A more torquey/fuel-efficient (direct injection?) 1.4 would be well-received though.


----------



## spacedout (Dec 7, 2010)

jblackburn said:


> Oh no, not another economy car dual-clutch gearbox.
> 
> The ones in the Mercedes CLA and Ford Focus are both clunky, confused pieces of junk.


Right but GM had a patent on their dual clutch since like 2010 before this generation cruze was released, hopefully that means they took the time to work out all the bugs. I suspect it will be an improvement in MPG and possibly a bit less clunky than the current auto.


----------



## jblackburn (Apr 14, 2012)

> *Integrated DOHC cylinder head and exhaust manifold.* The new Ecotec engines feature an integrated aluminum cylinder head/exhaust manifold, which further reduces weight—an attribute that contributes to increased vehicle efficiency and a more favorable front-to-rear weight balance, for a more responsive driving experience.
> The cylinder head features a water-cooled exhaust manifold integrated within the aluminum casting. Its single-piece design provides a number of benefits, including quicker engine warm-up, which contributes to better emissions performance. It also enhances durability by eliminating the need for gasket sealing around the exhaust ports, as well as offering under-hood packaging advantages.

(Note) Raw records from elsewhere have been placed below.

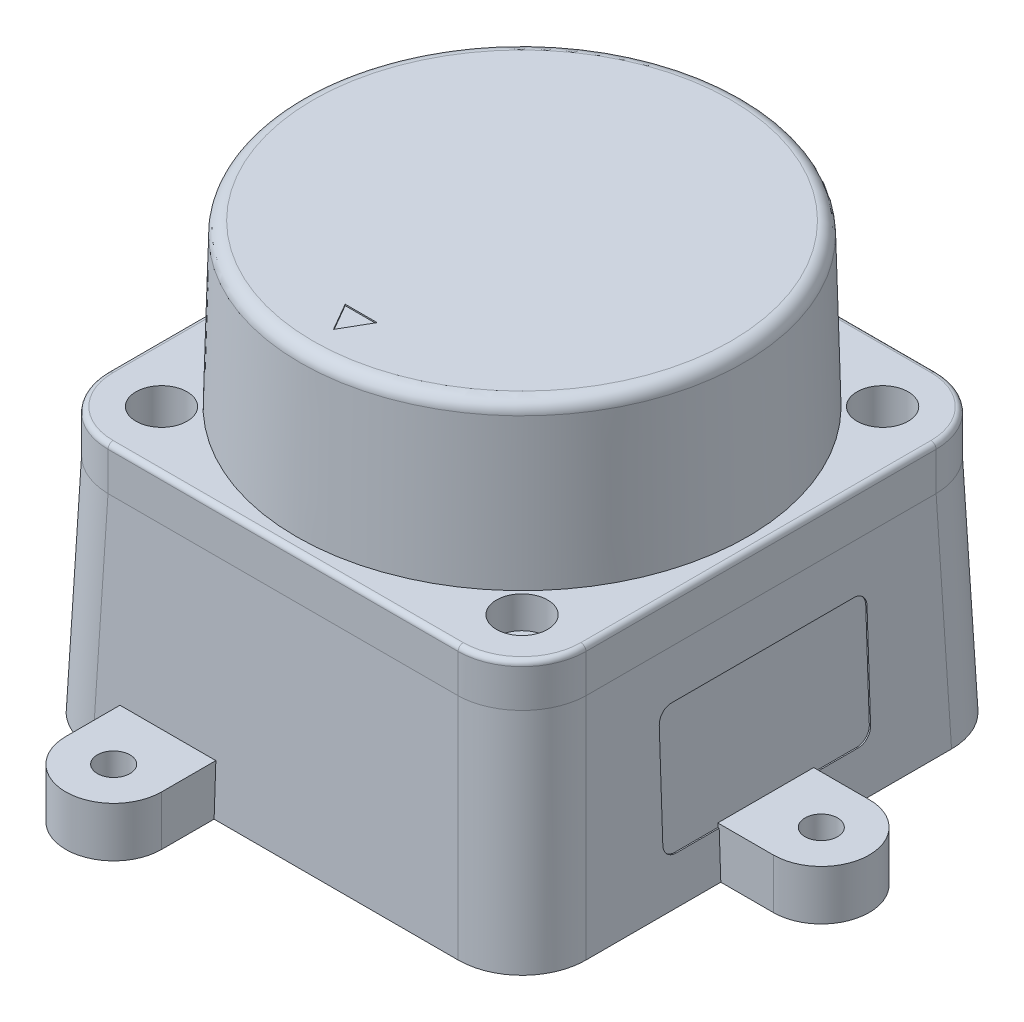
ISO-10303-21;
HEADER;
FILE_DESCRIPTION(('STEP AP214'),'2;1');
FILE_NAME('part.step','',(''),(''),'','','');
FILE_SCHEMA(('AUTOMOTIVE_DESIGN { 1 0 10303 214 1 1 1 1 }'));
ENDSEC;
DATA;
#1=APPLICATION_CONTEXT('core data for automotive mechanical design processes');
#2=APPLICATION_PROTOCOL_DEFINITION('international standard','automotive_design',2000,#1);
#3=PRODUCT_CONTEXT('',#1,'mechanical');
#4=PRODUCT('Part','Part','',(#3));
#5=PRODUCT_RELATED_PRODUCT_CATEGORY('part','',(#4));
#6=PRODUCT_DEFINITION_FORMATION('','',#4);
#7=PRODUCT_DEFINITION_CONTEXT('part definition',#1,'design');
#8=PRODUCT_DEFINITION('design','',#6,#7);
#9=PRODUCT_DEFINITION_SHAPE('','',#8);
#10=(LENGTH_UNIT() NAMED_UNIT(*) SI_UNIT(.MILLI.,.METRE.));
#11=(NAMED_UNIT(*) PLANE_ANGLE_UNIT() SI_UNIT($,.RADIAN.));
#12=(NAMED_UNIT(*) SI_UNIT($,.STERADIAN.) SOLID_ANGLE_UNIT());
#13=UNCERTAINTY_MEASURE_WITH_UNIT(LENGTH_MEASURE(1.E-05),#10,'distance_accuracy_value','');
#14=(GEOMETRIC_REPRESENTATION_CONTEXT(3) GLOBAL_UNCERTAINTY_ASSIGNED_CONTEXT((#13)) GLOBAL_UNIT_ASSIGNED_CONTEXT((#10,
#11,#12)) REPRESENTATION_CONTEXT('',''));
#15=CARTESIAN_POINT('',(0.,0.,0.));
#16=DIRECTION('',(0.,0.,1.));
#17=DIRECTION('',(1.,0.,0.));
#18=AXIS2_PLACEMENT_3D('',#15,#16,#17);
#19=CARTESIAN_POINT('',(19.0692852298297,3.6,-19.295));
#20=DIRECTION('',(0.,1.,0.));
#21=DIRECTION('',(0.,0.,1.));
#22=AXIS2_PLACEMENT_3D('',#19,#20,#21);
#23=PLANE('',#22);
#24=DIRECTION('',(-1.,0.,0.));
#25=VECTOR('',#24,1.);
#26=CARTESIAN_POINT('',(19.0692852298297,3.6,-3.75));
#27=LINE('',#26,#25);
#28=CARTESIAN_POINT('',(19.1692852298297,3.6,-3.75));
#29=VERTEX_POINT('',#28);
#30=CARTESIAN_POINT('',(19.0692852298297,3.6,-3.75));
#31=VERTEX_POINT('',#30);
#32=EDGE_CURVE('E390',#29,#31,#27,.T.);
#33=ORIENTED_EDGE('',*,*,#32,.F.);
#34=DIRECTION('',(0.,0.,1.));
#35=VECTOR('',#34,1.);
#36=CARTESIAN_POINT('',(19.1692852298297,3.6,-19.295));
#37=LINE('',#36,#35);
#38=CARTESIAN_POINT('',(19.1692852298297,3.6,-7.125));
#39=VERTEX_POINT('',#38);
#40=EDGE_CURVE('E539',#39,#29,#37,.T.);
#41=ORIENTED_EDGE('',*,*,#40,.F.);
#42=DIRECTION('',(1.,0.,0.));
#43=VECTOR('',#42,1.);
#44=CARTESIAN_POINT('',(19.0692852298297,3.6,-7.125));
#45=LINE('',#44,#43);
#46=CARTESIAN_POINT('',(19.0692852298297,3.6,-7.125));
#47=VERTEX_POINT('',#46);
#48=EDGE_CURVE('E783',#39,#47,#45,.F.);
#49=ORIENTED_EDGE('',*,*,#48,.T.);
#50=DIRECTION('',(0.,0.,1.));
#51=VECTOR('',#50,1.);
#52=CARTESIAN_POINT('',(19.0692852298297,3.6,-19.295));
#53=LINE('',#52,#51);
#54=EDGE_CURVE('E525',#47,#31,#53,.T.);
#55=ORIENTED_EDGE('',*,*,#54,.T.);
#56=EDGE_LOOP('',(#33,#41,#49,#55));
#57=FACE_BOUND('',#56,.T.);
#58=ADVANCED_FACE('F40',(#57),#23,.T.);
#59=CARTESIAN_POINT('',(19.295,0.,-19.295));
#60=DIRECTION('',(0.999390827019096,0.034899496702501,0.));
#61=DIRECTION('',(-0.034899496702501,0.999390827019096,0.));
#62=AXIS2_PLACEMENT_3D('',#59,#60,#61);
#63=PLANE('',#62);
#64=ORIENTED_EDGE('',*,*,#40,.T.);
#65=DIRECTION('',(-0.034899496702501,0.999390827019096,0.));
#66=VECTOR('',#65,1.);
#67=CARTESIAN_POINT('',(19.295,0.,-3.75));
#68=LINE('',#67,#66);
#69=CARTESIAN_POINT('',(19.295,0.,-3.75));
#70=VERTEX_POINT('',#69);
#71=EDGE_CURVE('E392',#29,#70,#68,.F.);
#72=ORIENTED_EDGE('',*,*,#71,.T.);
#73=DIRECTION('',(0.,0.,-1.));
#74=VECTOR('',#73,1.);
#75=CARTESIAN_POINT('',(19.295,0.,-19.295));
#76=LINE('',#75,#74);
#77=CARTESIAN_POINT('',(19.295,0.,-14.2980458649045));
#78=VERTEX_POINT('',#77);
#79=EDGE_CURVE('E607',#70,#78,#76,.T.);
#80=ORIENTED_EDGE('',*,*,#79,.T.);
#81=DIRECTION('',(-0.0348782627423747,0.998782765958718,0.0348782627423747));
#82=VECTOR('',#81,1.);
#83=CARTESIAN_POINT('',(19.3010787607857,-0.174072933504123,-14.3041246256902));
#84=LINE('',#83,#82);
#85=CARTESIAN_POINT('',(18.6908697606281,17.3000265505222,-13.6939156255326));
#86=VERTEX_POINT('',#85);
#87=EDGE_CURVE('E662',#78,#86,#84,.T.);
#88=ORIENTED_EDGE('',*,*,#87,.T.);
#89=CARTESIAN_POINT('',(13.6908706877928,160.481266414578,-13.6908706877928));
#90=DIRECTION('',(0.999390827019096,0.034899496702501,0.));
#91=DIRECTION('',(0.034899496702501,-0.999390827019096,0.));
#92=AXIS2_PLACEMENT_3D('',#89,#90,#91);
#93=ELLIPSE('',#92,143.268541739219,5.);
#94=CARTESIAN_POINT('',(18.6908706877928,17.3,-13.6908706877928));
#95=VERTEX_POINT('',#94);
#96=EDGE_CURVE('E682',#86,#95,#93,.F.);
#97=ORIENTED_EDGE('',*,*,#96,.T.);
#98=DIRECTION('',(0.,0.,1.));
#99=VECTOR('',#98,1.);
#100=CARTESIAN_POINT('',(18.6908706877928,17.3,-19.295));
#101=LINE('',#100,#99);
#102=CARTESIAN_POINT('',(18.6908706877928,17.3,13.6908706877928));
#103=VERTEX_POINT('',#102);
#104=EDGE_CURVE('E620',#103,#95,#101,.F.);
#105=ORIENTED_EDGE('',*,*,#104,.F.);
#106=CARTESIAN_POINT('',(13.6908706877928,160.481266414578,13.6908706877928));
#107=DIRECTION('',(0.999390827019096,0.034899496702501,0.));
#108=DIRECTION('',(0.034899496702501,-0.999390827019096,0.));
#109=AXIS2_PLACEMENT_3D('',#106,#107,#108);
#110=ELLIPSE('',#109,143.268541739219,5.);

That's interesting...sounds like a pain to replace (if ever needed), but could address warm-up and no heat complaints from the small engines.


----------



## spacedout (Dec 7, 2010)

jblackburn said:


> That's interesting...sounds like a pain to replace (if ever needed), but could address warm-up and no heat complaints from the small engines.


It should reduce cost on manufacturing, but what happens if you need a valve replaced? drop the crank and pistons out the oil pan? This also eliminates any possible head gasket issues & probably makes containing that high compression easier. 

How much lighter is the engine if the head and block do not need to be reinforced for the bolting surface? Bet its a pretty significant drop in metal required.


----------